Symmetry relationships of sodalite (SOD) – type crystal structures

Abstract

AbstractThe mineral sodalite with the ideal composition Na8[Al6Si6O24]Cl2is the prototype for numerous related crystal structures based on the same topology of the underlying net of strong bonds. This net has been assigned the code SOD by the Structure Commission of the International Zeolite Association. Minerals and synthetic compounds with a SOD-type framework represent the most comprehensive family of zeolite-type compounds with the highest number of published crystal structures. Among these are aluminosilicates (e.g., sodalite, haüyne, helvine, lazurite, nosean, tsaregorodtsevite), beryllosilicates (e.g., danalite, genthelvite, tugtupite), chlorides, sulfides (e.g., tetrahedrite, binnite, freibergite, galkhaite, goldfieldite, tennantite), borates (rhodizite), synthetic phosphates, aluminates, phosphides, nitrides and clathrate hydrates which have been shown by crystal structure analyses to adopt the SOD-type framework. More than 900 SOD-type crystal structures, which represent over 18% of the total number of published zeolite structures, are known. The complete symmetry relationships of SOD-type crystal structures comprising 27 space groups are listed in a Bärnighausen-tree together with the type and index of symmetry reduction. No other zeolite type displays such a rich harvest of symmetry as the sodalite-type.

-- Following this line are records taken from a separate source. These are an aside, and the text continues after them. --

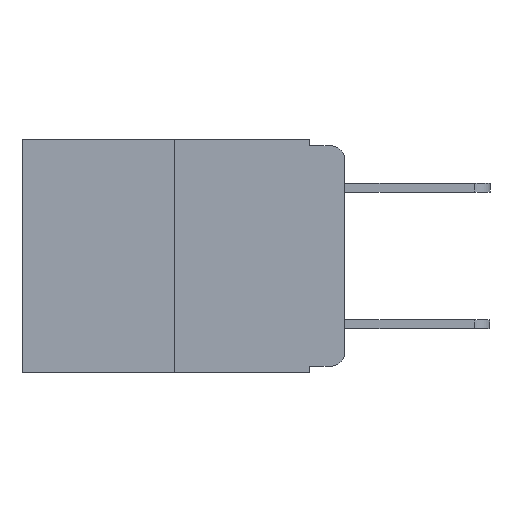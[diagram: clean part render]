
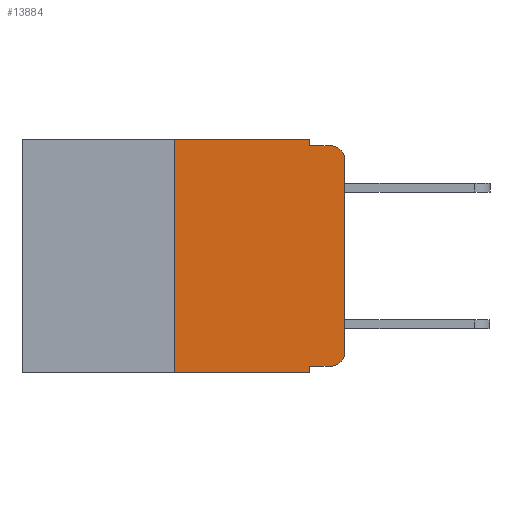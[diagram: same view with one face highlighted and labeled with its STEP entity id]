
A CAD part, left-side view. The second image highlights one B-rep face of the part: STEP entity #13884.
In plain terms, the highlighted planar face has unit normal (-1, 0, 0).
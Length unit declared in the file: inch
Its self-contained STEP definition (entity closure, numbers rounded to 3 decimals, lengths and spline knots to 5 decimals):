
#837 = VERTEX_POINT ( 'NONE', #6548 ) ;
#1232 = LINE ( 'NONE', #9055, #10155 ) ;
#1580 = DIRECTION ( 'NONE',  ( 0., 0., -1. ) ) ;
#1727 = VERTEX_POINT ( 'NONE', #17157 ) ;
#2073 = VECTOR ( 'NONE', #19657, 39.37008 ) ;
#2509 = AXIS2_PLACEMENT_3D ( 'NONE', #3663, #16035, #5448 ) ;
#3288 = PLANE ( 'NONE',  #14618 ) ;
#3327 = VERTEX_POINT ( 'NONE', #18290 ) ;
#3663 = CARTESIAN_POINT ( 'NONE',  ( 0., 0.02, -0.313 ) ) ;
#3689 = DIRECTION ( 'NONE',  ( 0., -1., 0. ) ) ;
#3865 = DIRECTION ( 'NONE',  ( 0., -1., 0. ) ) ;
#4066 = ORIENTED_EDGE ( 'NONE', *, *, #16897, .F. ) ;
#4303 = VECTOR ( 'NONE', #21479, 39.37008 ) ;
#4681 = LINE ( 'NONE', #16274, #22744 ) ;
#4761 = VERTEX_POINT ( 'NONE', #9635 ) ;
#4810 = CARTESIAN_POINT ( 'NONE',  ( 0., 0.25, -0.343 ) ) ;
#4947 = VERTEX_POINT ( 'NONE', #4810 ) ;
#4981 = VERTEX_POINT ( 'NONE', #22336 ) ;
#4985 = VECTOR ( 'NONE', #3865, 39.37008 ) ;
#5448 = DIRECTION ( 'NONE',  ( 0., 0., -1. ) ) ;
#5525 = CARTESIAN_POINT ( 'NONE',  ( 0., 0.051, 0. ) ) ;
#5749 = FACE_OUTER_BOUND ( 'NONE', #18703, .T. ) ;
#5773 = EDGE_CURVE ( 'NONE', #4947, #3327, #11523, .T. ) ;
#6010 = ORIENTED_EDGE ( 'NONE', *, *, #11441, .T. ) ;
#6540 = EDGE_CURVE ( 'NONE', #837, #18293, #19919, .T. ) ;
#6548 = CARTESIAN_POINT ( 'NONE',  ( 0., 0., -0.03 ) ) ;
#6556 = CARTESIAN_POINT ( 'NONE',  ( 0., 0.473, 0. ) ) ;
#6623 = AXIS2_PLACEMENT_3D ( 'NONE', #18451, #7911, #20149 ) ;
#6796 = ORIENTED_EDGE ( 'NONE', *, *, #10134, .T. ) ;
#6863 = CARTESIAN_POINT ( 'NONE',  ( 0., 0.473, 0. ) ) ;
#7879 = VECTOR ( 'NONE', #14291, 39.37008 ) ;
#7911 = DIRECTION ( 'NONE',  ( -1., 0., 0. ) ) ;
#8021 = LINE ( 'NONE', #17987, #4985 ) ;
#8409 = VECTOR ( 'NONE', #20767, 39.37008 ) ;
#9055 = CARTESIAN_POINT ( 'NONE',  ( 0., 0.473, -0.343 ) ) ;
#9635 = CARTESIAN_POINT ( 'NONE',  ( 0., 0.051, -0.333 ) ) ;
#10134 = EDGE_CURVE ( 'NONE', #10271, #837, #13118, .T. ) ;
#10155 = VECTOR ( 'NONE', #3689, 39.37008 ) ;
#10271 = VERTEX_POINT ( 'NONE', #17994 ) ;
#10717 = ORIENTED_EDGE ( 'NONE', *, *, #16459, .F. ) ;
#11150 = LINE ( 'NONE', #6556, #20400 ) ;
#11215 = CARTESIAN_POINT ( 'NONE',  ( 0., 0.02, -0.01 ) ) ;
#11441 = EDGE_CURVE ( 'NONE', #1727, #10271, #18250, .T. ) ;
#11523 = LINE ( 'NONE', #21396, #2073 ) ;
#11913 = DIRECTION ( 'NONE',  ( 0., -1., 0. ) ) ;
#12108 = ORIENTED_EDGE ( 'NONE', *, *, #5773, .F. ) ;
#12183 = EDGE_CURVE ( 'NONE', #4761, #1727, #8021, .T. ) ;
#12204 = DIRECTION ( 'NONE',  ( 1., 0., 0. ) ) ;
#12837 = CARTESIAN_POINT ( 'NONE',  ( 0., 0.051, 0. ) ) ;
#13118 = LINE ( 'NONE', #22492, #8409 ) ;
#13471 = ORIENTED_EDGE ( 'NONE', *, *, #21463, .F. ) ;
#13884 = ADVANCED_FACE ( 'NONE', ( #5749 ), #3288, .F. ) ;
#14291 = DIRECTION ( 'NONE',  ( 0., 0., -1. ) ) ;
#14618 = AXIS2_PLACEMENT_3D ( 'NONE', #6863, #12204, #1580 ) ;
#15056 = CARTESIAN_POINT ( 'NONE',  ( 0., 0.051, -0.01 ) ) ;
#16035 = DIRECTION ( 'NONE',  ( -1., 0., 0. ) ) ;
#16274 = CARTESIAN_POINT ( 'NONE',  ( 0., 0.051, -0.01 ) ) ;
#16379 = EDGE_CURVE ( 'NONE', #4947, #19593, #1232, .T. ) ;
#16459 = EDGE_CURVE ( 'NONE', #4981, #20084, #18372, .T. ) ;
#16769 = ORIENTED_EDGE ( 'NONE', *, *, #19898, .F. ) ;
#16897 = EDGE_CURVE ( 'NONE', #4761, #19593, #17291, .T. ) ;
#17157 = CARTESIAN_POINT ( 'NONE',  ( 0., 0.02, -0.333 ) ) ;
#17291 = LINE ( 'NONE', #5525, #7879 ) ;
#17987 = CARTESIAN_POINT ( 'NONE',  ( 0., 0.051, -0.333 ) ) ;
#17994 = CARTESIAN_POINT ( 'NONE',  ( 0., 0., -0.313 ) ) ;
#18032 = DIRECTION ( 'NONE',  ( 0., -1., 0. ) ) ;
#18250 = CIRCLE ( 'NONE', #2509, 0.02 ) ;
#18290 = CARTESIAN_POINT ( 'NONE',  ( 0., 0.25, 0. ) ) ;
#18293 = VERTEX_POINT ( 'NONE', #11215 ) ;
#18372 = LINE ( 'NONE', #12837, #4303 ) ;
#18451 = CARTESIAN_POINT ( 'NONE',  ( 0., 0.02, -0.03 ) ) ;
#18703 = EDGE_LOOP ( 'NONE', ( #6796, #19956, #16769, #10717, #13471, #12108, #18938, #4066, #20822, #6010 ) ) ;
#18938 = ORIENTED_EDGE ( 'NONE', *, *, #16379, .T. ) ;
#19593 = VERTEX_POINT ( 'NONE', #20577 ) ;
#19657 = DIRECTION ( 'NONE',  ( 0., 0., 1. ) ) ;
#19898 = EDGE_CURVE ( 'NONE', #20084, #18293, #4681, .T. ) ;
#19919 = CIRCLE ( 'NONE', #6623, 0.02 ) ;
#19956 = ORIENTED_EDGE ( 'NONE', *, *, #6540, .T. ) ;
#20084 = VERTEX_POINT ( 'NONE', #15056 ) ;
#20149 = DIRECTION ( 'NONE',  ( 0., 0., -1. ) ) ;
#20400 = VECTOR ( 'NONE', #11913, 39.37008 ) ;
#20577 = CARTESIAN_POINT ( 'NONE',  ( 0., 0.051, -0.343 ) ) ;
#20767 = DIRECTION ( 'NONE',  ( 0., 0., 1. ) ) ;
#20822 = ORIENTED_EDGE ( 'NONE', *, *, #12183, .T. ) ;
#21396 = CARTESIAN_POINT ( 'NONE',  ( 0., 0.25, 0. ) ) ;
#21463 = EDGE_CURVE ( 'NONE', #3327, #4981, #11150, .T. ) ;
#21479 = DIRECTION ( 'NONE',  ( 0., 0., -1. ) ) ;
#22336 = CARTESIAN_POINT ( 'NONE',  ( 0., 0.051, 0. ) ) ;
#22492 = CARTESIAN_POINT ( 'NONE',  ( 0., 0., 0. ) ) ;
#22744 = VECTOR ( 'NONE', #18032, 39.37008 ) ;

Seven additional space groups reported for SOD-types have not been considered here because they were not well supported by experimental evidence. Of the 26 low-symmetry derivatives six are due to an ordering of tetrahedrally coordinated framework cations. In two cases the lowering of symmetry is caused by some of the framework cations assuming 5- or 6-coordinations instead of the usual 4-coordination. This means that in 18 cases the lower space group symmetries are achieved by the influence of pore-filling matter.